— Exercise requirements —
Output a character-exact copy of the data, images removed.

* * * * * * * * *

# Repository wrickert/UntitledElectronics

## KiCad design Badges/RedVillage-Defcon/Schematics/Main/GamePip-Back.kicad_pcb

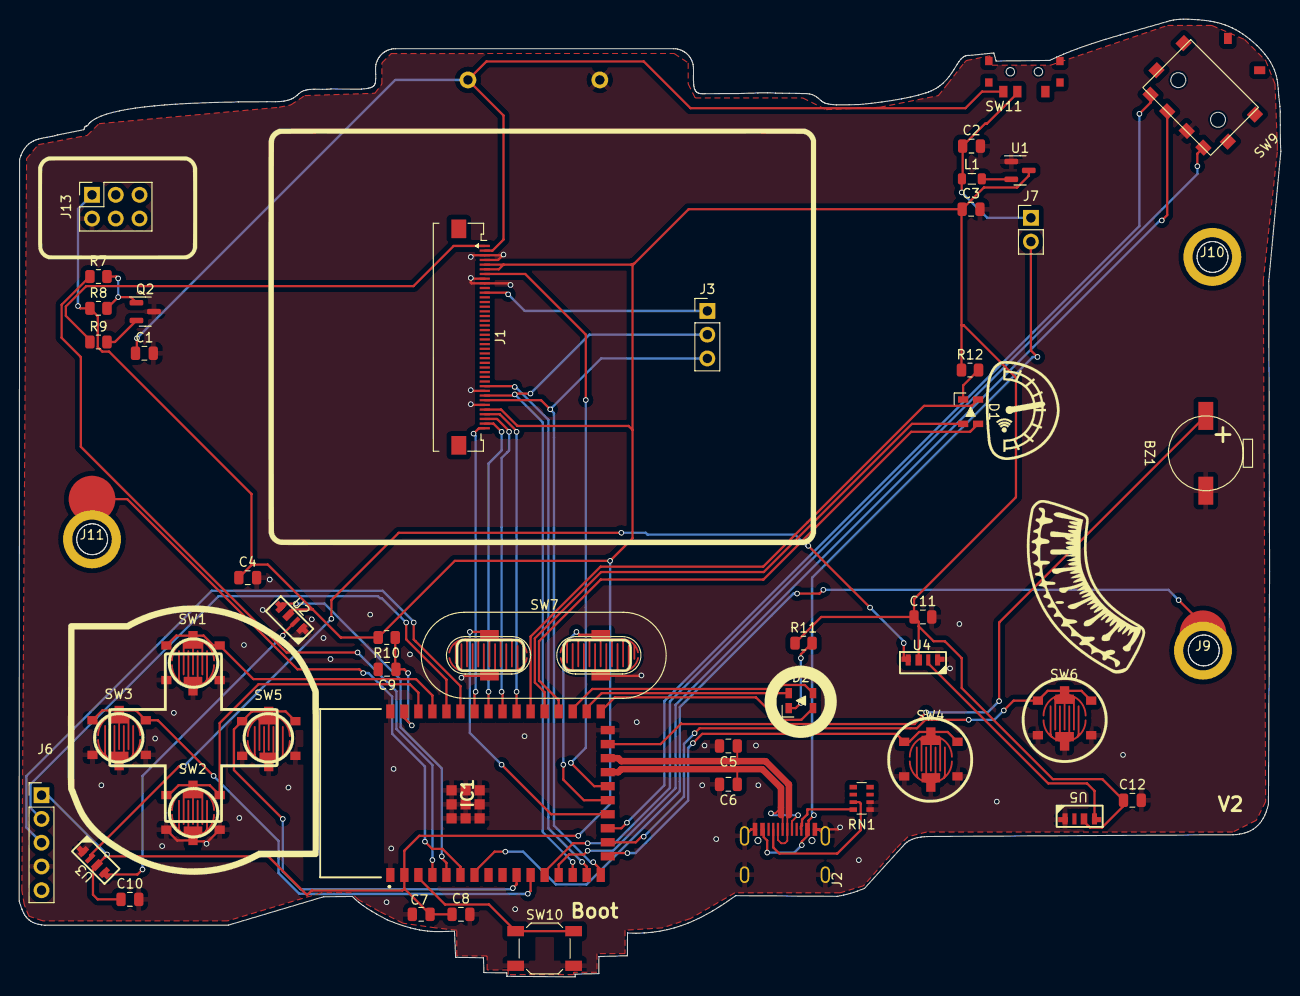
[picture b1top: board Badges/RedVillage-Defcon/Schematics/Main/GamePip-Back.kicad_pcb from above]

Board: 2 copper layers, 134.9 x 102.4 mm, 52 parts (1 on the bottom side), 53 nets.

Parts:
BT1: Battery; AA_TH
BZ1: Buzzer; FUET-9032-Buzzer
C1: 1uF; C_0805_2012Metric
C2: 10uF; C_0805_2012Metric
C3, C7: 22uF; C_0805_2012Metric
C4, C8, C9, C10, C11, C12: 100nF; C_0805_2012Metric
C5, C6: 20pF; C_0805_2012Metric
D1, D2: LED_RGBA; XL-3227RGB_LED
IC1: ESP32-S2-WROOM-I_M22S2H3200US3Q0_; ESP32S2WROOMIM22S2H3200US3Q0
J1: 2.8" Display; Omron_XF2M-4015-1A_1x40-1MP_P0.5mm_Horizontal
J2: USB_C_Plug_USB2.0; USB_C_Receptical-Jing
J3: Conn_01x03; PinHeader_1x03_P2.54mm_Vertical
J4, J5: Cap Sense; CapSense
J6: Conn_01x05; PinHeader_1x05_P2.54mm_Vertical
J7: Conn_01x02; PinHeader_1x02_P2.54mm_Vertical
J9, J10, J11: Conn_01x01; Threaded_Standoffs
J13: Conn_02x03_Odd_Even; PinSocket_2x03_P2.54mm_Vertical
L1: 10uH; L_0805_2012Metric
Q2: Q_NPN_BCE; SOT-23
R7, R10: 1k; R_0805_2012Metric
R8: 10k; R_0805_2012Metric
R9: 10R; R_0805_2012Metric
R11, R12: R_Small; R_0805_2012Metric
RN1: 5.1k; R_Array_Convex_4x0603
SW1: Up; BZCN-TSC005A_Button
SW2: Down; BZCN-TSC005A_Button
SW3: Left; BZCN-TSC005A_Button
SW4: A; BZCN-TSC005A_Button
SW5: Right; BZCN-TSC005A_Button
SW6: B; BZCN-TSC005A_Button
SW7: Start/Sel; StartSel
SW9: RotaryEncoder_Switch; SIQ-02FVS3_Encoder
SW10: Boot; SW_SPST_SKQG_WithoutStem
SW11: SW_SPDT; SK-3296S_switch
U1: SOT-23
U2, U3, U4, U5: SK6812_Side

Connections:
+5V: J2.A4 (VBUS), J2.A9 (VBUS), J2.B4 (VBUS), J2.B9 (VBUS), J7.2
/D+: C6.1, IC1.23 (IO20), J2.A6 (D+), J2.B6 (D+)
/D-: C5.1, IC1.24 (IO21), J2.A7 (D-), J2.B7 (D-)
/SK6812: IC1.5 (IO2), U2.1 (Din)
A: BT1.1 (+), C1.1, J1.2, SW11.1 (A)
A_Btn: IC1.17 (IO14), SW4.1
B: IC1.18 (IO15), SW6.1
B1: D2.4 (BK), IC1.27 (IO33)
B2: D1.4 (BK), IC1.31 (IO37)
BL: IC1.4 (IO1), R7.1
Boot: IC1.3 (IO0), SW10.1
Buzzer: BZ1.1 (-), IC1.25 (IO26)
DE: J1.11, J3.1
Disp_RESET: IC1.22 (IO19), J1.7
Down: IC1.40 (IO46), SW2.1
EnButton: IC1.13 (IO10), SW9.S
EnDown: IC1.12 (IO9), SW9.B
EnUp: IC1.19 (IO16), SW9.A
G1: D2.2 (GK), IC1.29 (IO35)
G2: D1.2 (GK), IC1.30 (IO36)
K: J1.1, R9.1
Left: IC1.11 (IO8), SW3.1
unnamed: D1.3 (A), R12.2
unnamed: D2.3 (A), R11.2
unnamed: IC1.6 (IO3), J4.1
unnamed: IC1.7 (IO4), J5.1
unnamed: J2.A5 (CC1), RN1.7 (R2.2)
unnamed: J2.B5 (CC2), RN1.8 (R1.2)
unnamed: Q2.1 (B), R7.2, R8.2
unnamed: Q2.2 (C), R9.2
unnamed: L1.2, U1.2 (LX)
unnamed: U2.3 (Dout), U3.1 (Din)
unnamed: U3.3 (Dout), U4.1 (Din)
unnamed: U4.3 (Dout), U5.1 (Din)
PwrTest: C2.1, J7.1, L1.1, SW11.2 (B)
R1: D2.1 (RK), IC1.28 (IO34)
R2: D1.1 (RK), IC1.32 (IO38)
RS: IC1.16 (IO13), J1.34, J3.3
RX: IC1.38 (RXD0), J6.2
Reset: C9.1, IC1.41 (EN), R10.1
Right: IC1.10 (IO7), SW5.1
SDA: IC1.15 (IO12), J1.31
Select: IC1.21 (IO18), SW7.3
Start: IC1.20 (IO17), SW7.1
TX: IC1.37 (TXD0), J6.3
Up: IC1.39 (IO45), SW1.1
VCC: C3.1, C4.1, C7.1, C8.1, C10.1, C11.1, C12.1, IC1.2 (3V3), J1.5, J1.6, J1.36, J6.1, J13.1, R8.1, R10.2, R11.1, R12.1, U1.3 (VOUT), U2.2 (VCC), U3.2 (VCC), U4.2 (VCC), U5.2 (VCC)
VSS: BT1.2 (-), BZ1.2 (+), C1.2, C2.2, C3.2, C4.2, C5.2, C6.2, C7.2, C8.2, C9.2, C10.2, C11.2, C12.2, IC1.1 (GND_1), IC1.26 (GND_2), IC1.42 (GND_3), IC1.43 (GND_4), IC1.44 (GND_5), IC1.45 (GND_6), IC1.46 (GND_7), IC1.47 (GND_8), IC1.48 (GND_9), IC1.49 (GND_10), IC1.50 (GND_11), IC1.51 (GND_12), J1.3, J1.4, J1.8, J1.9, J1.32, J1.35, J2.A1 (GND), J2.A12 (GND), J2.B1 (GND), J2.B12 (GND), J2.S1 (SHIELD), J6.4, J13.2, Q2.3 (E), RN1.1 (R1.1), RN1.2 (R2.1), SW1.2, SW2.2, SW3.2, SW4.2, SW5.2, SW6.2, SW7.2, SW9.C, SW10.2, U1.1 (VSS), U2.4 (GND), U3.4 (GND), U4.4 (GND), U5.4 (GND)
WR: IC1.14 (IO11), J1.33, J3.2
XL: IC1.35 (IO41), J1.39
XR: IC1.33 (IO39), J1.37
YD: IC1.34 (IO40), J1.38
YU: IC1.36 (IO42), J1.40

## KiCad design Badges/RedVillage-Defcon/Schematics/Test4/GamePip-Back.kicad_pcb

* * * * * * * * *

— Final answer —
# Repository wrickert/UntitledElectronics

## KiCad design Badges/RedVillage-Defcon/Schematics/Main/GamePip-Back.kicad_pcb

[picture b1top: board Badges/RedVillage-Defcon/Schematics/Main/GamePip-Back.kicad_pcb from above]

Board: 2 copper layers, 134.9 x 102.4 mm, 52 parts (1 on the bottom side), 53 nets.

Parts:
BT1: Battery; AA_TH
BZ1: Buzzer; FUET-9032-Buzzer
C1: 1uF; C_0805_2012Metric
C2: 10uF; C_0805_2012Metric
C3, C7: 22uF; C_0805_2012Metric
C4, C8, C9, C10, C11, C12: 100nF; C_0805_2012Metric
C5, C6: 20pF; C_0805_2012Metric
D1, D2: LED_RGBA; XL-3227RGB_LED
IC1: ESP32-S2-WROOM-I_M22S2H3200US3Q0_; ESP32S2WROOMIM22S2H3200US3Q0
J1: 2.8" Display; Omron_XF2M-4015-1A_1x40-1MP_P0.5mm_Horizontal
J2: USB_C_Plug_USB2.0; USB_C_Receptical-Jing
J3: Conn_01x03; PinHeader_1x03_P2.54mm_Vertical
J4, J5: Cap Sense; CapSense
J6: Conn_01x05; PinHeader_1x05_P2.54mm_Vertical
J7: Conn_01x02; PinHeader_1x02_P2.54mm_Vertical
J9, J10, J11: Conn_01x01; Threaded_Standoffs
J13: Conn_02x03_Odd_Even; PinSocket_2x03_P2.54mm_Vertical
L1: 10uH; L_0805_2012Metric
Q2: Q_NPN_BCE; SOT-23
R7, R10: 1k; R_0805_2012Metric
R8: 10k; R_0805_2012Metric
R9: 10R; R_0805_2012Metric
R11, R12: R_Small; R_0805_2012Metric
RN1: 5.1k; R_Array_Convex_4x0603
SW1: Up; BZCN-TSC005A_Button
SW2: Down; BZCN-TSC005A_Button
SW3: Left; BZCN-TSC005A_Button
SW4: A; BZCN-TSC005A_Button
SW5: Right; BZCN-TSC005A_Button
SW6: B; BZCN-TSC005A_Button
SW7: Start/Sel; StartSel
SW9: RotaryEncoder_Switch; SIQ-02FVS3_Encoder
SW10: Boot; SW_SPST_SKQG_WithoutStem
SW11: SW_SPDT; SK-3296S_switch
U1: SOT-23
U2, U3, U4, U5: SK6812_Side

Connections:
+5V: J2.A4 (VBUS), J2.A9 (VBUS), J2.B4 (VBUS), J2.B9 (VBUS), J7.2
/D+: C6.1, IC1.23 (IO20), J2.A6 (D+), J2.B6 (D+)
/D-: C5.1, IC1.24 (IO21), J2.A7 (D-), J2.B7 (D-)
/SK6812: IC1.5 (IO2), U2.1 (Din)
A: BT1.1 (+), C1.1, J1.2, SW11.1 (A)
A_Btn: IC1.17 (IO14), SW4.1
B: IC1.18 (IO15), SW6.1
B1: D2.4 (BK), IC1.27 (IO33)
B2: D1.4 (BK), IC1.31 (IO37)
BL: IC1.4 (IO1), R7.1
Boot: IC1.3 (IO0), SW10.1
Buzzer: BZ1.1 (-), IC1.25 (IO26)
DE: J1.11, J3.1
Disp_RESET: IC1.22 (IO19), J1.7
Down: IC1.40 (IO46), SW2.1
EnButton: IC1.13 (IO10), SW9.S
EnDown: IC1.12 (IO9), SW9.B
EnUp: IC1.19 (IO16), SW9.A
G1: D2.2 (GK), IC1.29 (IO35)
G2: D1.2 (GK), IC1.30 (IO36)
K: J1.1, R9.1
Left: IC1.11 (IO8), SW3.1
unnamed: D1.3 (A), R12.2
unnamed: D2.3 (A), R11.2
unnamed: IC1.6 (IO3), J4.1
unnamed: IC1.7 (IO4), J5.1
unnamed: J2.A5 (CC1), RN1.7 (R2.2)
unnamed: J2.B5 (CC2), RN1.8 (R1.2)
unnamed: Q2.1 (B), R7.2, R8.2
unnamed: Q2.2 (C), R9.2
unnamed: L1.2, U1.2 (LX)
unnamed: U2.3 (Dout), U3.1 (Din)
unnamed: U3.3 (Dout), U4.1 (Din)
unnamed: U4.3 (Dout), U5.1 (Din)
PwrTest: C2.1, J7.1, L1.1, SW11.2 (B)
R1: D2.1 (RK), IC1.28 (IO34)
R2: D1.1 (RK), IC1.32 (IO38)
RS: IC1.16 (IO13), J1.34, J3.3
RX: IC1.38 (RXD0), J6.2
Reset: C9.1, IC1.41 (EN), R10.1
Right: IC1.10 (IO7), SW5.1
SDA: IC1.15 (IO12), J1.31
Select: IC1.21 (IO18), SW7.3
Start: IC1.20 (IO17), SW7.1
TX: IC1.37 (TXD0), J6.3
Up: IC1.39 (IO45), SW1.1
VCC: C3.1, C4.1, C7.1, C8.1, C10.1, C11.1, C12.1, IC1.2 (3V3), J1.5, J1.6, J1.36, J6.1, J13.1, R8.1, R10.2, R11.1, R12.1, U1.3 (VOUT), U2.2 (VCC), U3.2 (VCC), U4.2 (VCC), U5.2 (VCC)
VSS: BT1.2 (-), BZ1.2 (+), C1.2, C2.2, C3.2, C4.2, C5.2, C6.2, C7.2, C8.2, C9.2, C10.2, C11.2, C12.2, IC1.1 (GND_1), IC1.26 (GND_2), IC1.42 (GND_3), IC1.43 (GND_4), IC1.44 (GND_5), IC1.45 (GND_6), IC1.46 (GND_7), IC1.47 (GND_8), IC1.48 (GND_9), IC1.49 (GND_10), IC1.50 (GND_11), IC1.51 (GND_12), J1.3, J1.4, J1.8, J1.9, J1.32, J1.35, J2.A1 (GND), J2.A12 (GND), J2.B1 (GND), J2.B12 (GND), J2.S1 (SHIELD), J6.4, J13.2, Q2.3 (E), RN1.1 (R1.1), RN1.2 (R2.1), SW1.2, SW2.2, SW3.2, SW4.2, SW5.2, SW6.2, SW7.2, SW9.C, SW10.2, U1.1 (VSS), U2.4 (GND), U3.4 (GND), U4.4 (GND), U5.4 (GND)
WR: IC1.14 (IO11), J1.33, J3.2
XL: IC1.35 (IO41), J1.39
XR: IC1.33 (IO39), J1.37
YD: IC1.34 (IO40), J1.38
YU: IC1.36 (IO42), J1.40

## KiCad design Badges/RedVillage-Defcon/Schematics/Test4/GamePip-Back.kicad_pcb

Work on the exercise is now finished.